You can install missing dependencies with pip. And install TensorFlow via TensorFlow link.

Usage

  1. Install the dependencies;
  2. Run Jupyter Notebook in terminal to see the code in your browser.

Credits

  • Juefei-Xu, Felix, Vishnu Naresh Boddeti, and Marios Savvides. "Local binary convolutional neural networks." Computer Vision and Pattern Recognition (CVPR), 2017 IEEE Conference on. Vol. 1. 2017.

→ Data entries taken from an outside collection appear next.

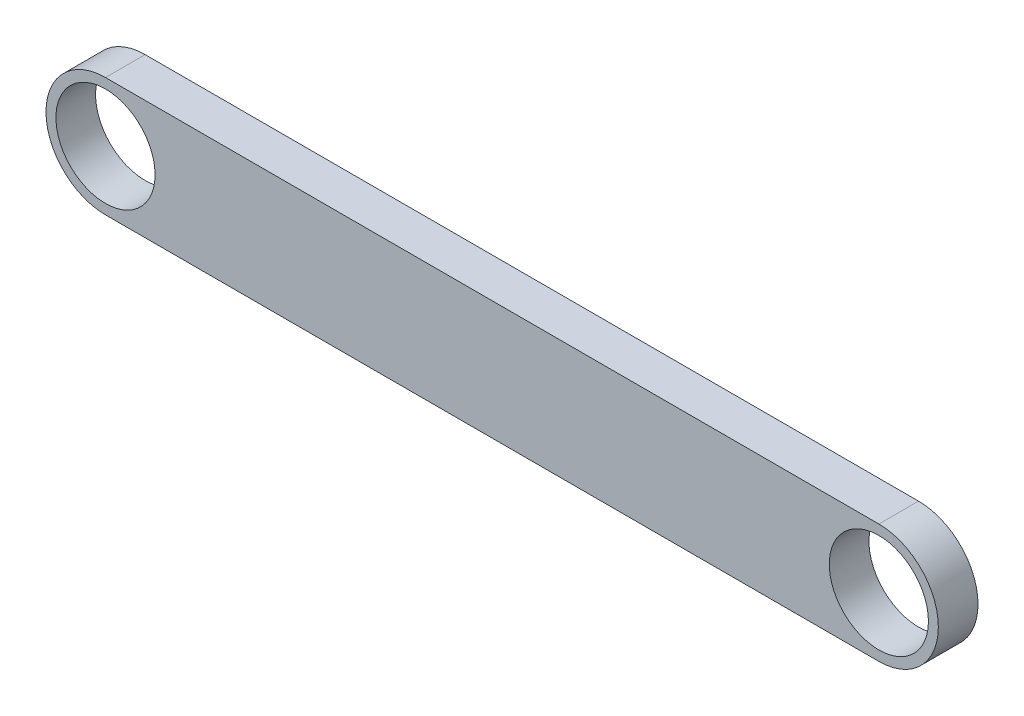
ISO-10303-21;
HEADER;
FILE_DESCRIPTION(('STEP AP214'),'2;1');
FILE_NAME('part.step','',(''),(''),'','','');
FILE_SCHEMA(('AUTOMOTIVE_DESIGN { 1 0 10303 214 1 1 1 1 }'));
ENDSEC;
DATA;
#1=APPLICATION_CONTEXT('core data for automotive mechanical design processes');
#2=APPLICATION_PROTOCOL_DEFINITION('international standard','automotive_design',2000,#1);
#3=PRODUCT_CONTEXT('',#1,'mechanical');
#4=PRODUCT('Part','Part','',(#3));
#5=PRODUCT_RELATED_PRODUCT_CATEGORY('part','',(#4));
#6=PRODUCT_DEFINITION_FORMATION('','',#4);
#7=PRODUCT_DEFINITION_CONTEXT('part definition',#1,'design');
#8=PRODUCT_DEFINITION('design','',#6,#7);
#9=PRODUCT_DEFINITION_SHAPE('','',#8);
#10=(LENGTH_UNIT() NAMED_UNIT(*) SI_UNIT(.MILLI.,.METRE.));
#11=(NAMED_UNIT(*) PLANE_ANGLE_UNIT() SI_UNIT($,.RADIAN.));
#12=(NAMED_UNIT(*) SI_UNIT($,.STERADIAN.) SOLID_ANGLE_UNIT());
#13=UNCERTAINTY_MEASURE_WITH_UNIT(LENGTH_MEASURE(1.E-05),#10,'distance_accuracy_value','');
#14=(GEOMETRIC_REPRESENTATION_CONTEXT(3) GLOBAL_UNCERTAINTY_ASSIGNED_CONTEXT((#13)) GLOBAL_UNIT_ASSIGNED_CONTEXT((#10,
#11,#12)) REPRESENTATION_CONTEXT('',''));
#15=CARTESIAN_POINT('',(0.,0.,0.));
#16=DIRECTION('',(0.,0.,1.));
#17=DIRECTION('',(1.,0.,0.));
#18=AXIS2_PLACEMENT_3D('',#15,#16,#17);
#19=CARTESIAN_POINT('',(0.,0.,10.));
#20=DIRECTION('',(0.,0.,1.));
#21=DIRECTION('',(1.,0.,0.));
#22=AXIS2_PLACEMENT_3D('',#19,#20,#21);
#23=PLANE('',#22);
#24=CARTESIAN_POINT('',(0.,0.,10.));
#25=DIRECTION('',(0.,0.,1.));
#26=DIRECTION('',(1.,0.,0.));
#27=AXIS2_PLACEMENT_3D('',#24,#25,#26);
#28=CIRCLE('',#27,12.5);
#29=CARTESIAN_POINT('',(12.5,0.,10.));
#30=VERTEX_POINT('',#29);
#31=EDGE_CURVE('E100',#30,#30,#28,.T.);
#32=ORIENTED_EDGE('',*,*,#31,.F.);
#33=EDGE_LOOP('',(#32));
#34=FACE_BOUND('',#33,.T.);
#35=CARTESIAN_POINT('',(0.,0.,10.));
#36=DIRECTION('',(0.,0.,1.));
#37=DIRECTION('',(1.,0.,0.));
#38=AXIS2_PLACEMENT_3D('',#35,#36,#37);
#39=CIRCLE('',#38,15.);
#40=CARTESIAN_POINT('',(0.,15.,10.));
#41=VERTEX_POINT('',#40);
#42=CARTESIAN_POINT('',(0.,-15.,10.));
#43=VERTEX_POINT('',#42);
#44=EDGE_CURVE('E85',#41,#43,#39,.T.);
#45=ORIENTED_EDGE('',*,*,#44,.T.);
#46=DIRECTION('',(1.,0.,0.));
#47=VECTOR('',#46,1.);
#48=CARTESIAN_POINT('',(0.,-15.,10.));
#49=LINE('',#48,#47);
#50=CARTESIAN_POINT('',(195.,-15.,10.));
#51=VERTEX_POINT('',#50);
#52=EDGE_CURVE('E80',#43,#51,#49,.T.);
#53=ORIENTED_EDGE('',*,*,#52,.T.);
#54=CARTESIAN_POINT('',(195.,0.,10.));
#55=DIRECTION('',(0.,0.,1.));
#56=DIRECTION('',(1.,0.,0.));
#57=AXIS2_PLACEMENT_3D('',#54,#55,#56);
#58=CIRCLE('',#57,15.);
#59=CARTESIAN_POINT('',(195.,15.,10.));
#60=VERTEX_POINT('',#59);
#61=EDGE_CURVE('E83',#51,#60,#58,.T.);
#62=ORIENTED_EDGE('',*,*,#61,.T.);
#63=DIRECTION('',(-1.,0.,0.));
#64=VECTOR('',#63,1.);
#65=CARTESIAN_POINT('',(0.,15.,10.));
#66=LINE('',#65,#64);
#67=EDGE_CURVE('E50',#60,#41,#66,.T.);
#68=ORIENTED_EDGE('',*,*,#67,.T.);
#69=EDGE_LOOP('',(#45,#53,#62,#68));
#70=FACE_BOUND('',#69,.T.);
#71=CARTESIAN_POINT('',(195.,0.,10.));
#72=DIRECTION('',(0.,0.,1.));
#73=DIRECTION('',(1.,0.,0.));
#74=AXIS2_PLACEMENT_3D('',#71,#72,#73);
#75=CIRCLE('',#74,12.5);
#76=CARTESIAN_POINT('',(207.5,0.,10.));
#77=VERTEX_POINT('',#76);
#78=EDGE_CURVE('E115',#77,#77,#75,.T.);
#79=ORIENTED_EDGE('',*,*,#78,.F.);
#80=EDGE_LOOP('',(#79));
#81=FACE_BOUND('',#80,.T.);
#82=ADVANCED_FACE('F33',(#34,#70,#81),#23,.T.);
#83=CARTESIAN_POINT('',(0.,0.,0.));
#84=DIRECTION('',(0.,0.,1.));
#85=DIRECTION('',(1.,0.,0.));
#86=AXIS2_PLACEMENT_3D('',#83,#84,#85);
#87=PLANE('',#86);
#88=CARTESIAN_POINT('',(0.,0.,0.));
#89=DIRECTION('',(0.,0.,1.));
#90=DIRECTION('',(1.,0.,0.));
#91=AXIS2_PLACEMENT_3D('',#88,#89,#90);
#92=CIRCLE('',#91,15.);
#93=CARTESIAN_POINT('',(0.,15.,0.));
#94=VERTEX_POINT('',#93);
#95=CARTESIAN_POINT('',(0.,-15.,0.));
#96=VERTEX_POINT('',#95);
#97=EDGE_CURVE('E97',#94,#96,#92,.T.);
#98=ORIENTED_EDGE('',*,*,#97,.F.);
#99=DIRECTION('',(-1.,0.,0.));
#100=VECTOR('',#99,1.);
#101=CARTESIAN_POINT('',(0.,15.,0.));
#102=LINE('',#101,#100);
#103=CARTESIAN_POINT('',(195.,15.,0.));
#104=VERTEX_POINT('',#103);
#105=EDGE_CURVE('E73',#104,#94,#102,.T.);
#106=ORIENTED_EDGE('',*,*,#105,.F.);
#107=CARTESIAN_POINT('',(195.,0.,0.));
#108=DIRECTION('',(0.,0.,1.));
#109=DIRECTION('',(1.,0.,0.));
#110=AXIS2_PLACEMENT_3D('',#107,#108,#109);
#111=CIRCLE('',#110,15.);
#112=CARTESIAN_POINT('',(195.,-15.,0.));
#113=VERTEX_POINT('',#112);
#114=EDGE_CURVE('E67',#113,#104,#111,.T.);
#115=ORIENTED_EDGE('',*,*,#114,.F.);
#116=DIRECTION('',(1.,0.,0.));
#117=VECTOR('',#116,1.);
#118=CARTESIAN_POINT('',(0.,-15.,0.));
#119=LINE('',#118,#117);
#120=EDGE_CURVE('E89',#96,#113,#119,.T.);
#121=ORIENTED_EDGE('',*,*,#120,.F.);
#122=EDGE_LOOP('',(#98,#106,#115,#121));
#123=FACE_BOUND('',#122,.T.);
#124=CARTESIAN_POINT('',(0.,0.,0.));
#125=DIRECTION('',(0.,0.,1.));
#126=DIRECTION('',(1.,0.,0.));
#127=AXIS2_PLACEMENT_3D('',#124,#125,#126);
#128=CIRCLE('',#127,12.5);
#129=CARTESIAN_POINT('',(12.5,0.,0.));
#130=VERTEX_POINT('',#129);
#131=EDGE_CURVE('E112',#130,#130,#128,.T.);
#132=ORIENTED_EDGE('',*,*,#131,.T.);
#133=EDGE_LOOP('',(#132));
#134=FACE_BOUND('',#133,.T.);
#135=CARTESIAN_POINT('',(195.,0.,0.));
#136=DIRECTION('',(0.,0.,1.));
#137=DIRECTION('',(1.,0.,0.));
#138=AXIS2_PLACEMENT_3D('',#135,#136,#137);
#139=CIRCLE('',#138,12.5);
#140=CARTESIAN_POINT('',(207.5,0.,0.));
#141=VERTEX_POINT('',#140);
#142=EDGE_CURVE('E118',#141,#141,#139,.T.);
#143=ORIENTED_EDGE('',*,*,#142,.T.);
#144=EDGE_LOOP('',(#143));
#145=FACE_BOUND('',#144,.T.);
#146=ADVANCED_FACE('F108',(#123,#134,#145),#87,.F.);
#147=CARTESIAN_POINT('',(0.,0.,10.));
#148=DIRECTION('',(0.,0.,-1.));
#149=DIRECTION('',(-1.,0.,0.));
#150=AXIS2_PLACEMENT_3D('',#147,#148,#149);
#151=CYLINDRICAL_SURFACE('',#150,15.);
#152=ORIENTED_EDGE('',*,*,#97,.T.);
#153=DIRECTION('',(0.,0.,-1.));
#154=VECTOR('',#153,1.);
#155=CARTESIAN_POINT('',(0.,-15.,10.));
#156=LINE('',#155,#154);
#157=EDGE_CURVE('E11',#43,#96,#156,.T.);
#158=ORIENTED_EDGE('',*,*,#157,.F.);
#159=ORIENTED_EDGE('',*,*,#44,.F.);
#160=DIRECTION('',(0.,0.,-1.));
#161=VECTOR('',#160,1.);
#162=CARTESIAN_POINT('',(0.,15.,10.));
#163=LINE('',#162,#161);
#164=EDGE_CURVE('E93',#41,#94,#163,.T.);
#165=ORIENTED_EDGE('',*,*,#164,.T.);
#166=EDGE_LOOP('',(#152,#158,#159,#165));
#167=FACE_BOUND('',#166,.T.);
#168=ADVANCED_FACE('F35',(#167),#151,.T.);
#169=CARTESIAN_POINT('',(0.,-15.,10.));
#170=DIRECTION('',(0.,1.,0.));
#171=DIRECTION('',(0.,0.,1.));
#172=AXIS2_PLACEMENT_3D('',#169,#170,#171);
#173=PLANE('',#172);
#174=ORIENTED_EDGE('',*,*,#120,.T.);
#175=DIRECTION('',(0.,0.,-1.));
#176=VECTOR('',#175,1.);
#177=CARTESIAN_POINT('',(195.,-15.,10.));
#178=LINE('',#177,#176);
#179=EDGE_CURVE('E42',#51,#113,#178,.T.);
#180=ORIENTED_EDGE('',*,*,#179,.F.);
#181=ORIENTED_EDGE('',*,*,#52,.F.);
#182=ORIENTED_EDGE('',*,*,#157,.T.);
#183=EDGE_LOOP('',(#174,#180,#181,#182));
#184=FACE_BOUND('',#183,.T.);
#185=ADVANCED_FACE('F88',(#184),#173,.F.);
#186=CARTESIAN_POINT('',(195.,0.,10.));
#187=DIRECTION('',(0.,0.,-1.));
#188=DIRECTION('',(-1.,0.,0.));
#189=AXIS2_PLACEMENT_3D('',#186,#187,#188);
#190=CYLINDRICAL_SURFACE('',#189,15.);
#191=ORIENTED_EDGE('',*,*,#114,.T.);
#192=DIRECTION('',(0.,0.,-1.));
#193=VECTOR('',#192,1.);
#194=CARTESIAN_POINT('',(195.,15.,10.));
#195=LINE('',#194,#193);
#196=EDGE_CURVE('E90',#60,#104,#195,.T.);
#197=ORIENTED_EDGE('',*,*,#196,.F.);
#198=ORIENTED_EDGE('',*,*,#61,.F.);
#199=ORIENTED_EDGE('',*,*,#179,.T.);
#200=EDGE_LOOP('',(#191,#197,#198,#199));
#201=FACE_BOUND('',#200,.T.);
#202=ADVANCED_FACE('F91',(#201),#190,.T.);
#203=CARTESIAN_POINT('',(0.,15.,10.));
#204=DIRECTION('',(0.,-1.,0.));
#205=DIRECTION('',(0.,0.,-1.));
#206=AXIS2_PLACEMENT_3D('',#203,#204,#205);
#207=PLANE('',#206);
#208=ORIENTED_EDGE('',*,*,#105,.T.);
#209=ORIENTED_EDGE('',*,*,#164,.F.);
#210=ORIENTED_EDGE('',*,*,#67,.F.);
#211=ORIENTED_EDGE('',*,*,#196,.T.);
#212=EDGE_LOOP('',(#208,#209,#210,#211));
#213=FACE_BOUND('',#212,.T.);
#214=ADVANCED_FACE('F105',(#213),#207,.F.);
#215=CARTESIAN_POINT('',(0.,0.,10.));
#216=DIRECTION('',(0.,0.,-1.));
#217=DIRECTION('',(-1.,0.,0.));
#218=AXIS2_PLACEMENT_3D('',#215,#216,#217);
#219=CYLINDRICAL_SURFACE('',#218,12.5);
#220=ORIENTED_EDGE('',*,*,#31,.T.);
#221=EDGE_LOOP('',(#220));
#222=FACE_BOUND('',#221,.T.);
#223=ORIENTED_EDGE('',*,*,#131,.F.);
#224=EDGE_LOOP('',(#223));
#225=FACE_BOUND('',#224,.T.);
#226=ADVANCED_FACE('F135',(#222,#225),#219,.F.);
#227=CARTESIAN_POINT('',(195.,0.,10.));
#228=DIRECTION('',(0.,0.,-1.));
#229=DIRECTION('',(-1.,0.,0.));
#230=AXIS2_PLACEMENT_3D('',#227,#228,#229);
#231=CYLINDRICAL_SURFACE('',#230,12.5);
#232=ORIENTED_EDGE('',*,*,#78,.T.);
#233=EDGE_LOOP('',(#232));
#234=FACE_BOUND('',#233,.T.);
#235=ORIENTED_EDGE('',*,*,#142,.F.);
#236=EDGE_LOOP('',(#235));
#237=FACE_BOUND('',#236,.T.);
#238=ADVANCED_FACE('F124',(#234,#237),#231,.F.);
#239=CLOSED_SHELL('',(#82,#146,#168,#185,#202,#214,#226,#238));
#240=MANIFOLD_SOLID_BREP('B2',#239);
#241=ADVANCED_BREP_SHAPE_REPRESENTATION('',(#18,#240),#14);
#242=SHAPE_DEFINITION_REPRESENTATION(#9,#241);
ENDSEC;
END-ISO-10303-21;

  • Kanade, Takeo, Jeffrey F. Cohn, and Yingli Tian. "Comprehensive database for facial expression analysis." Automatic Face and Gesture Recognition, 2000. Proceedings. Fourth IEEE International Conference on. IEEE, 2000.

  • Lucey, Patrick, et al. "The extended cohn-kanade dataset (ck+): A complete dataset for action unit and emotion-specified expression." Computer Vision and Pattern Recognition Workshops (CVPRW), 2010 IEEE Computer Society Conference on. IEEE, 2010.

License

Code released under the MIT license.